Stop testing. You can delete the test process or simply delete the Blade resource.

kubectl delete -f delay_node_network_by_names.yaml

kubectl delete blade delay-node-network-by-names
Copy the code

3. Network packet loss scenario

3.1 Test Objective

The packet loss rate of the specified node is 100%.

3.2 Starting a Test

Select a node and change the names value in loss_node_network_by_names.yaml.

Run the following command to start the test.

$ kubectl apply -f loss_node_network_by_names.yaml
Copy the code

Run the following command to view the experiment status.

kubectl get blade loss-node-network-by-names -o json
Copy the code

3.3 Test and Verification

The port is the Guestbook NodePort port. The port does not respond to the request for accessing experiments, but the port that is not enabled for accessing experiments can be used normally.

Obtain the node IP address.

$ kubectl get node -o wide
Copy the code

Access to Guestbook from the experimental node – Inaccessible.

$Telnet 192.168.0.20Copy the code

Access Guestbook from a non-experimental node – Normal access.

$Telnet 192.168.0.18Copy the code

In addition, you can access the address directly from the browser and verify the test results.

Stop testing. You can delete the test process or simply delete the Blade resource.

kubectl delete -f delay_node_network_by_names.yaml

kubectl delete blade delay-node-network-by-names
Copy the code

4. Kill Specifies the process

4.1 Test Objective

Example Delete the MySQL process on the specified node.

4.2 Starting a Test

Select a node and modify itkill_node_process_by_names.yamlThe names value in.

Run the following command to start the test.

$ kubectl apply -f kill_node_process_by_names.yaml
Copy the code

Run the following command to view the experiment status.

kubectl get blade kill-node-process-by-names -o json
Copy the code

4.3 Test and Verification

Enter the experimental node.

$SSH 192.168.0.18Copy the code

Check the mysql process number.

$ ps -ef | grep mysql
root     10913 10040  0 14:10 pts/0    00:00:00 grep --color=auto mysql
Copy the code

You can see that the process number has changed.

$ ps -ef | grep mysql
Copy the code

The MySQL process number changes, indicating that it is restarted after being killed.

Stop testing. You can delete the test process or simply delete the Blade resource.

kubectl delete -f delay_node_network_by_names.yaml
kubectl delete blade delay-node-network-by-names
Copy the code

5. Stop the specified process

5.1 Test Objectives

Suspends the MySQL process on the specified node.

5.2 Starting the Test

Select a node and change the names value in stop_node_process_by_names.yaml.

Run the following command to start the test.

$ kubectl apply -f stop_node_process_by_names.yaml
Copy the code

Run the following command to view the experiment status.

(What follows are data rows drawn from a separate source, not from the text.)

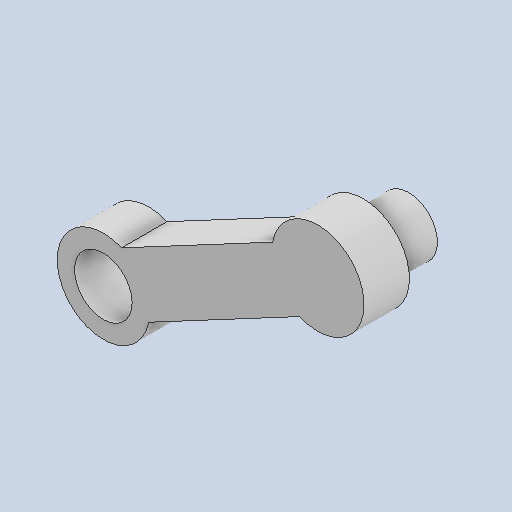
# Autodesk Inventor part: Component32
Saved by Autodesk Inventor 2022 (Build 260153000, 153)
## iProperties
Created: 2022-01-29
Part Number: Component32
Material: Generic
Document SubType Name: Modeling
Designer: Administrator
Density: 1 g/cm^3
Appearance: Default
Title: Component32
Author: Administrator
Autodesk Inventor part; units mm, degrees
ref_plane "YZ Plane" through (0, 0, 0) normal (1, 0, 0) x (0, 1, 0)
ref_plane "XZ Plane" through (0, 0, 0) normal (0, 1, 0) x (-1, 0, 0)
ref_plane "XY Plane" through (0, 0, 0) normal (0, 0, 1) x (1, 0, 0)
sketch "Sketch2" plane through (0, 0, 0) normal (0, 0, 1) x (1, 0, 0)
  line L0 (144.6424, 19.1617) -> (128.0034, 10.2983)
  arc A0 (125.0179, 15.9027) -> (128.0034, 10.2983) centre (123.0107, 11.2361) ccw
  line L1 (125.0179, 15.9027) -> (141.6569, 24.7662)
  arc A1 (144.6424, 19.1617) -> (141.6569, 24.7662) centre (146.6496, 23.8284) ccw
  circle A2 centre (146.6496, 23.8284) radius 3.175
  circle A3 centre (146.6496, 23.8284) radius 3.175
  circle A4 centre (146.6496, 23.8284) radius 5.08
  line L2 (125.0179, 15.9027) -> (141.6569, 24.7662)
  line L3 (141.6569, 24.7662) -> (125.0179, 15.9027)
  line L4 (144.6424, 19.1617) -> (128.0034, 10.2983)
  line L5 (144.6424, 19.1617) -> (128.0034, 10.2983)
  circle A5 centre (123.0107, 11.2361) radius 5.08
  arc A6 (125.0179, 15.9027) -> (128.0034, 10.2983) centre (123.0107, 11.2361) ccw
  circle A7 centre (123.0107, 11.2361) radius 3.175
  circle A8 centre (123.0107, 11.2361) radius 3.175
  circle A9 centre (123.0107, 11.2361) radius 3.175
  point P0 (0, 0)
  constraints: 12 end point, 10 centre point, 6 point on circle, 5 coincident, 2 collinear
extrude "Extrusion3" add sketch "Sketch2" along normal blind 5 contours A4 A1 | L0 A5 L1 A4 | A0 A5 | A2
extrude "Extrusion4" add sketch "Sketch2" against normal blind 5 contours A2
body "Solid2"
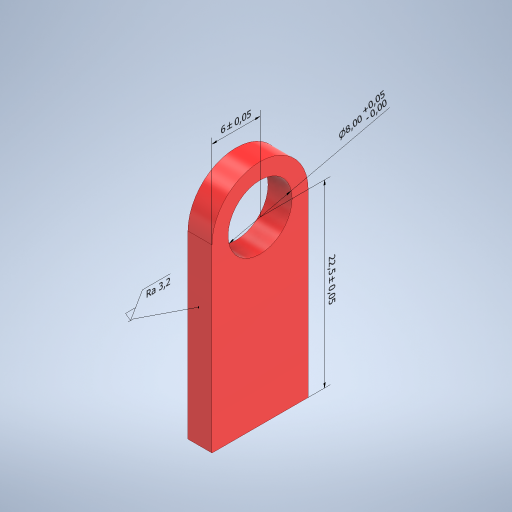
# Autodesk Inventor part: rapoukMiddleLeg1v3
Saved by Autodesk Inventor 2024 (Build 280153000, 153)
## iProperties
Created: 2023-05-29
Part Number: rapoukMiddleLeg1v3
Material: EN AW-6060 T6
Document SubType Name: Modeling
Designer: Roman
Density: 2.7 g/cm^3
Appearance: Light Red
Mass: 2.13183 g
Surface Area: 8.76112 cm^2
Volume: 0.789566 cm^3
Description: Nehybná část nohy
Polotovar: KR...
Author: Roman
## iProperties of the stored document middleLegv2-1_3DPrint.ipt
Created: 2023-06-18
Part Number: middleLegv2-1_3DPrint
Material: Generic
Document SubType Name: Modeling
Designer: Roman
Density: 1 g/cm^3
Appearance: Default
Author: Roman
Autodesk Inventor part; units mm, degrees
ref_plane "YZ Plane" through (0, 0, 0) normal (1, 0, 0) x (0, 1, 0)
ref_plane "XZ Plane" through (0, 0, 0) normal (0, 1, 0) x (-1, 0, 0)
ref_plane "XY Plane" through (0, 0, 0) normal (0, 0, 1) x (1, 0, 0)
sketch "Sketch1" plane through (0, 0, 0) normal (0, 1, 0) x (-1, 0, 0)
  line L0 (-1.5, 6) -> (1.5, 6)
  line L1 (1.5, 6) -> (1.5, -6)
  line L2 (1.5, -6) -> (-1.5, -6)
  line L3 (-1.5, -6) -> (-1.5, 6)
  line L4 (-1.5, 6) -> (1.5, -6) construction
  line L5 (1.5, 6) -> (-1.5, -6) construction
  point P0 (0, 0)
  dimension "d0" = 3
  dimension "d1" = 12
  constraints: 12 end point, 2 midpoint, 2 parallel, 1 horizontal, 1 perpendicular
  measures "d0" distance of L1.end L2.end
  measures "d1" distance of L0.end L1.end
extrude "Extrusion1" add sketch "Sketch1" along normal blind 28.5
fillet "Fillet1" radius 6 2 edges at (0, 28.5, 6) (0, 28.5, -6)
sketch "Sketch4" plane through (1.5, 0, 6) normal (1, 0, 0) x (0, 0, -1)
  arc A0 (12, 22.5) -> (0, 22.5) centre (6, 22.5) ccw projected
  circle A1 centre (6, 22.5) radius 4
  point P0 (6, 0)
  dimension "d14" = 8
  constraints: 1 centre point, 1 coincident
  measures "d14" diameter of A1
extrude "Extrusion4" cut sketch "Sketch4" against normal through all
body "Solid1"

kubectl get blade stop-node-process-by-names -o json
Copy the code

5.3 Test and Verification

Enter the experimental node.

$SSH 192.168.0.18Copy the code

Check the mysql process number.

$ ps -ef | grep mysql
root     10913 10040  0 14:10 pts/0    00:00:00 grep --color=auto mysql
Copy the code

You can see that the process number has changed.

$ ps -ef | grep mysql
Copy the code

The MySQL process number changes, indicating that it is restarted after being killed.

Stop testing. You can delete the test process or simply delete the Blade resource.

kubectl delete -f delay_node_network_by_names.yaml
kubectl delete blade delay-node-network-by-names
Copy the code

| epilogue

By using ChaosBlade Operator to conduct chaos engineering experiment on KubeSphere Node resources, the following conclusions can be drawn:

For Node nodes, ChaosBlade still has simple configuration and operation to complete complex experiments. It can realize complex failures of various Node levels through free combination to verify the stability and availability of Kubernetes cluster. At the same time, when the real fault comes, because it has already simulated a variety of fault situations, you can quickly locate the source of the fault, do not panic, easy to deal with the fault.

Next up

The next installment will use the deployed ChaosBlade Opeator tool to test and validate various scenarios for poD-class resources.